Am I the only one who can see the August winner (InStiches)? It says that on the front of the forum, but the link goes nowhere.


----------



## lilnaugrim (Mar 27, 2013)

It says August Winner but it's the photo from July still.

As I said, we get glitches too ^_^ This happens like once a year or so, but as I mentioned, Yung will post everything when he has the time to do so.


----------



## Mousie (Feb 16, 2015)

I see. I seldom pay attention to those, so no clue that was last months.


----------



## kitkat67 (Mar 10, 2015)

Has anyone gotten it to work? This is the first month I actually wanted to do this and it's down.


----------



## centaurii (Aug 31, 2015)

The link is still down for me too. It's just a blank forum page with nothing on it but the header. Hopefully the admins know how to fix it.


----------



## Nessabobessa (May 31, 2015)

I can't see any of the results for August or September. Not even in this forum. I don't know what's going on, but if someone could at least post a new topic that lists all of the pictures, I would appreciate it.
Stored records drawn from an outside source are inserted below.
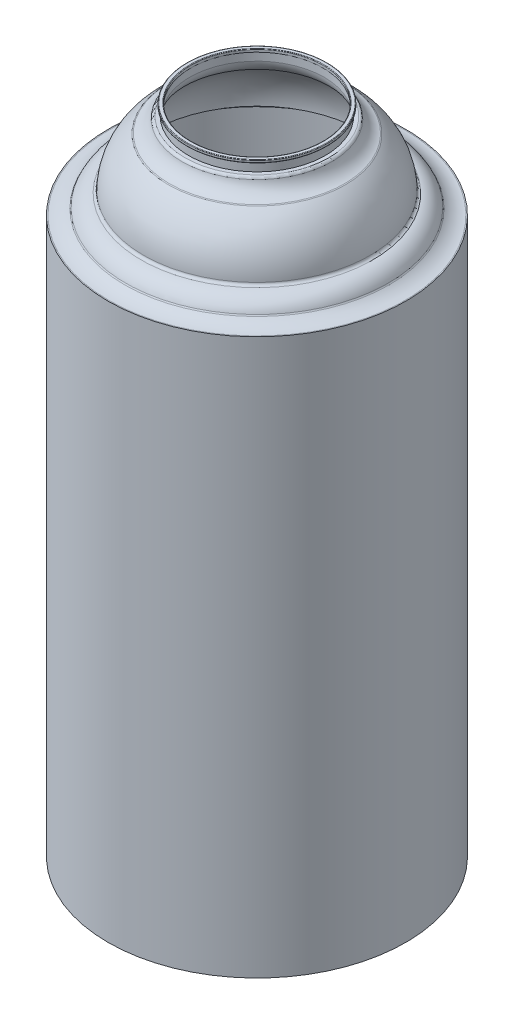
ISO-10303-21;
HEADER;
FILE_DESCRIPTION(('STEP AP214'),'2;1');
FILE_NAME('part.step','',(''),(''),'','','');
FILE_SCHEMA(('AUTOMOTIVE_DESIGN { 1 0 10303 214 1 1 1 1 }'));
ENDSEC;
DATA;
#1=APPLICATION_CONTEXT('core data for automotive mechanical design processes');
#2=APPLICATION_PROTOCOL_DEFINITION('international standard','automotive_design',2000,#1);
#3=PRODUCT_CONTEXT('',#1,'mechanical');
#4=PRODUCT('Part','Part','',(#3));
#5=PRODUCT_RELATED_PRODUCT_CATEGORY('part','',(#4));
#6=PRODUCT_DEFINITION_FORMATION('','',#4);
#7=PRODUCT_DEFINITION_CONTEXT('part definition',#1,'design');
#8=PRODUCT_DEFINITION('design','',#6,#7);
#9=PRODUCT_DEFINITION_SHAPE('','',#8);
#10=(LENGTH_UNIT() NAMED_UNIT(*) SI_UNIT(.MILLI.,.METRE.));
#11=(NAMED_UNIT(*) PLANE_ANGLE_UNIT() SI_UNIT($,.RADIAN.));
#12=(NAMED_UNIT(*) SI_UNIT($,.STERADIAN.) SOLID_ANGLE_UNIT());
#13=UNCERTAINTY_MEASURE_WITH_UNIT(LENGTH_MEASURE(1.E-05),#10,'distance_accuracy_value','');
#14=(GEOMETRIC_REPRESENTATION_CONTEXT(3) GLOBAL_UNCERTAINTY_ASSIGNED_CONTEXT((#13)) GLOBAL_UNIT_ASSIGNED_CONTEXT((#10,
#11,#12)) REPRESENTATION_CONTEXT('',''));
#15=CARTESIAN_POINT('',(0.,0.,0.));
#16=DIRECTION('',(0.,0.,1.));
#17=DIRECTION('',(1.,0.,0.));
#18=AXIS2_PLACEMENT_3D('',#15,#16,#17);
#19=CARTESIAN_POINT('',(4.78249918300067E-13,284.48,0.));
#20=DIRECTION('',(0.,-1.,0.));
#21=DIRECTION('',(0.,0.,-1.));
#22=AXIS2_PLACEMENT_3D('',#19,#20,#21);
#23=PLANE('',#22);
#24=CARTESIAN_POINT('',(0.,284.48,0.));
#25=DIRECTION('',(0.,-1.,0.));
#26=DIRECTION('',(0.,0.,-1.));
#27=AXIS2_PLACEMENT_3D('',#24,#25,#26);
#28=CIRCLE('',#27,31.9798450549602);
#29=CARTESIAN_POINT('',(0.,284.48,-31.9798450549602));
#30=VERTEX_POINT('',#29);
#31=EDGE_CURVE('E115',#30,#30,#28,.F.);
#32=ORIENTED_EDGE('',*,*,#31,.T.);
#33=EDGE_LOOP('',(#32));
#34=FACE_BOUND('',#33,.T.);
#35=CARTESIAN_POINT('',(0.,284.48,0.));
#36=DIRECTION('',(0.,-1.,0.));
#37=DIRECTION('',(0.,0.,-1.));
#38=AXIS2_PLACEMENT_3D('',#35,#36,#37);
#39=CIRCLE('',#38,30.353);
#40=CARTESIAN_POINT('',(0.,284.48,-30.353));
#41=VERTEX_POINT('',#40);
#42=EDGE_CURVE('E73',#41,#41,#39,.F.);
#43=ORIENTED_EDGE('',*,*,#42,.F.);
#44=EDGE_LOOP('',(#43));
#45=FACE_BOUND('',#44,.T.);
#46=ADVANCED_FACE('F41',(#34,#45),#23,.F.);
#47=CARTESIAN_POINT('',(0.,246.38,0.));
#48=DIRECTION('',(0.,1.,0.));
#49=DIRECTION('',(0.,0.,1.));
#50=AXIS2_PLACEMENT_3D('',#47,#48,#49);
#51=PLANE('',#50);
#52=CARTESIAN_POINT('',(0.,246.38,0.));
#53=DIRECTION('',(0.,1.,0.));
#54=DIRECTION('',(0.,0.,1.));
#55=AXIS2_PLACEMENT_3D('',#52,#53,#54);
#56=CIRCLE('',#55,65.5959050012918);
#57=CARTESIAN_POINT('',(0.,246.38,65.5959050012918));
#58=VERTEX_POINT('',#57);
#59=EDGE_CURVE('E87',#58,#58,#56,.F.);
#60=ORIENTED_EDGE('',*,*,#59,.T.);
#61=EDGE_LOOP('',(#60));
#62=FACE_BOUND('',#61,.T.);
#63=CARTESIAN_POINT('',(0.,246.38,0.));
#64=DIRECTION('',(0.,1.,0.));
#65=DIRECTION('',(0.,0.,1.));
#66=AXIS2_PLACEMENT_3D('',#63,#64,#65);
#67=CIRCLE('',#66,66.04);
#68=CARTESIAN_POINT('',(0.,246.38,66.04));
#69=VERTEX_POINT('',#68);
#70=EDGE_CURVE('E127',#69,#69,#67,.T.);
#71=ORIENTED_EDGE('',*,*,#70,.T.);
#72=EDGE_LOOP('',(#71));
#73=FACE_BOUND('',#72,.T.);
#74=ADVANCED_FACE('F195',(#62,#73),#51,.T.);
#75=CARTESIAN_POINT('',(0.,0.,0.));
#76=DIRECTION('',(0.,1.,0.));
#77=DIRECTION('',(0.,0.,1.));
#78=AXIS2_PLACEMENT_3D('',#75,#76,#77);
#79=PLANE('',#78);
#80=CARTESIAN_POINT('',(0.,0.,0.));
#81=DIRECTION('',(0.,1.,0.));
#82=DIRECTION('',(0.,0.,1.));
#83=AXIS2_PLACEMENT_3D('',#80,#81,#82);
#84=CIRCLE('',#83,66.04);
#85=CARTESIAN_POINT('',(0.,0.,66.04));
#86=VERTEX_POINT('',#85);
#87=EDGE_CURVE('E128',#86,#86,#84,.T.);
#88=ORIENTED_EDGE('',*,*,#87,.F.);
#89=EDGE_LOOP('',(#88));
#90=FACE_BOUND('',#89,.T.);
#91=CARTESIAN_POINT('',(0.,0.,0.));
#92=DIRECTION('',(0.,1.,0.));
#93=DIRECTION('',(0.,0.,1.));
#94=AXIS2_PLACEMENT_3D('',#91,#92,#93);
#95=CIRCLE('',#94,64.4525);
#96=CARTESIAN_POINT('',(0.,0.,64.4525));
#97=VERTEX_POINT('',#96);
#98=EDGE_CURVE('E132',#97,#97,#95,.T.);
#99=ORIENTED_EDGE('',*,*,#98,.T.);
#100=EDGE_LOOP('',(#99));
#101=FACE_BOUND('',#100,.T.);
#102=ADVANCED_FACE('F203',(#90,#101),#79,.F.);
#103=CARTESIAN_POINT('',(0.,246.38,0.));
#104=DIRECTION('',(0.,-1.,0.));
#105=DIRECTION('',(0.,0.,-1.));
#106=AXIS2_PLACEMENT_3D('',#103,#104,#105);
#107=CYLINDRICAL_SURFACE('',#106,66.04);
#108=ORIENTED_EDGE('',*,*,#87,.T.);
#109=EDGE_LOOP('',(#108));
#110=FACE_BOUND('',#109,.T.);
#111=ORIENTED_EDGE('',*,*,#70,.F.);
#112=EDGE_LOOP('',(#111));
#113=FACE_BOUND('',#112,.T.);
#114=ADVANCED_FACE('F228',(#110,#113),#107,.T.);
#115=CARTESIAN_POINT('',(0.,246.38,0.));
#116=DIRECTION('',(0.,-1.,0.));
#117=DIRECTION('',(0.,0.,-1.));
#118=AXIS2_PLACEMENT_3D('',#115,#116,#117);
#119=CYLINDRICAL_SURFACE('',#118,64.4525);
#120=CARTESIAN_POINT('',(0.,0.950658073217911,0.));
#121=DIRECTION('',(0.,-1.,0.));
#122=DIRECTION('',(0.,0.,-1.));
#123=AXIS2_PLACEMENT_3D('',#120,#121,#122);
#124=CIRCLE('',#123,64.4525);
#125=CARTESIAN_POINT('',(0.,0.950658073217911,-64.4525));
#126=VERTEX_POINT('',#125);
#127=EDGE_CURVE('E77',#126,#126,#124,.T.);
#128=ORIENTED_EDGE('',*,*,#127,.F.);
#129=EDGE_LOOP('',(#128));
#130=FACE_BOUND('',#129,.T.);
#131=ORIENTED_EDGE('',*,*,#98,.F.);
#132=EDGE_LOOP('',(#131));
#133=FACE_BOUND('',#132,.T.);
#134=ADVANCED_FACE('F225',(#130,#133),#119,.F.);
#135=CARTESIAN_POINT('',(0.,254.962138497177,0.));
#136=DIRECTION('',(0.,-1.,0.));
#137=DIRECTION('',(0.,0.,-1.));
#138=AXIS2_PLACEMENT_3D('',#135,#136,#137);
#139=DEGENERATE_TOROIDAL_SURFACE('',#138,21.6163914023813,28.6973388071028,.T.);
#140=CARTESIAN_POINT('',(0.,277.628260774221,0.));
#141=DIRECTION('',(0.,-1.,0.));
#142=DIRECTION('',(0.,0.,-1.));
#143=AXIS2_PLACEMENT_3D('',#140,#141,#142);
#144=CIRCLE('',#143,39.2170776257001);
#145=CARTESIAN_POINT('',(0.,277.628260774221,-39.2170776257001));
#146=VERTEX_POINT('',#145);
#147=EDGE_CURVE('E107',#146,#146,#144,.T.);
#148=ORIENTED_EDGE('',*,*,#147,.T.);
#149=EDGE_LOOP('',(#148));
#150=FACE_BOUND('',#149,.T.);
#151=CARTESIAN_POINT('',(0.,256.102520488577,0.));
#152=DIRECTION('',(0.,-1.,0.));
#153=DIRECTION('',(0.,0.,-1.));
#154=AXIS2_PLACEMENT_3D('',#151,#152,#153);
#155=CIRCLE('',#154,50.2910628655967);
#156=CARTESIAN_POINT('',(0.,256.102520488577,-50.2910628655967));
#157=VERTEX_POINT('',#156);
#158=EDGE_CURVE('E111',#157,#157,#155,.F.);
#159=ORIENTED_EDGE('',*,*,#158,.T.);
#160=EDGE_LOOP('',(#159));
#161=FACE_BOUND('',#160,.T.);
#162=ADVANCED_FACE('F227',(#150,#161),#139,.T.);
#163=CARTESIAN_POINT('',(0.,285.566494107584,0.));
#164=DIRECTION('',(0.,-1.,0.));
#165=DIRECTION('',(0.,0.,-1.));
#166=AXIS2_PLACEMENT_3D('',#163,#164,#165);
#167=TOROIDAL_SURFACE('',#166,40.9685680443677,8.02248112504837);
#168=CARTESIAN_POINT('',(0.,283.532061188649,0.));
#169=DIRECTION('',(0.,1.,0.));
#170=DIRECTION('',(0.,0.,1.));
#171=AXIS2_PLACEMENT_3D('',#168,#169,#170);
#172=CIRCLE('',#171,33.2083305415517);
#173=CARTESIAN_POINT('',(0.,283.532061188649,33.2083305415517));
#174=VERTEX_POINT('',#173);
#175=EDGE_CURVE('E119',#174,#174,#172,.F.);
#176=ORIENTED_EDGE('',*,*,#175,.T.);
#177=EDGE_LOOP('',(#176));
#178=FACE_BOUND('',#177,.T.);
#179=CARTESIAN_POINT('',(0.,277.847179319122,0.));
#180=DIRECTION('',(0.,1.,0.));
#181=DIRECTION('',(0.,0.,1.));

August was my first contest, and I'm really sad and disappointed that this hasn't been fixed.


----------



## InStitches (May 26, 2014)

I hope they fix it soon, as much as I enjoy seeing my photo up there XD I wanted to see the results of the last contest. And all the contests we missed...


----------



## Administrator (Mar 18, 2013)

Hi everyone,

Our team investigate this and see if it can be fixed. It's happened before in the past and I'm not sure if we were successful in fixing it but we'll have a look again.


----------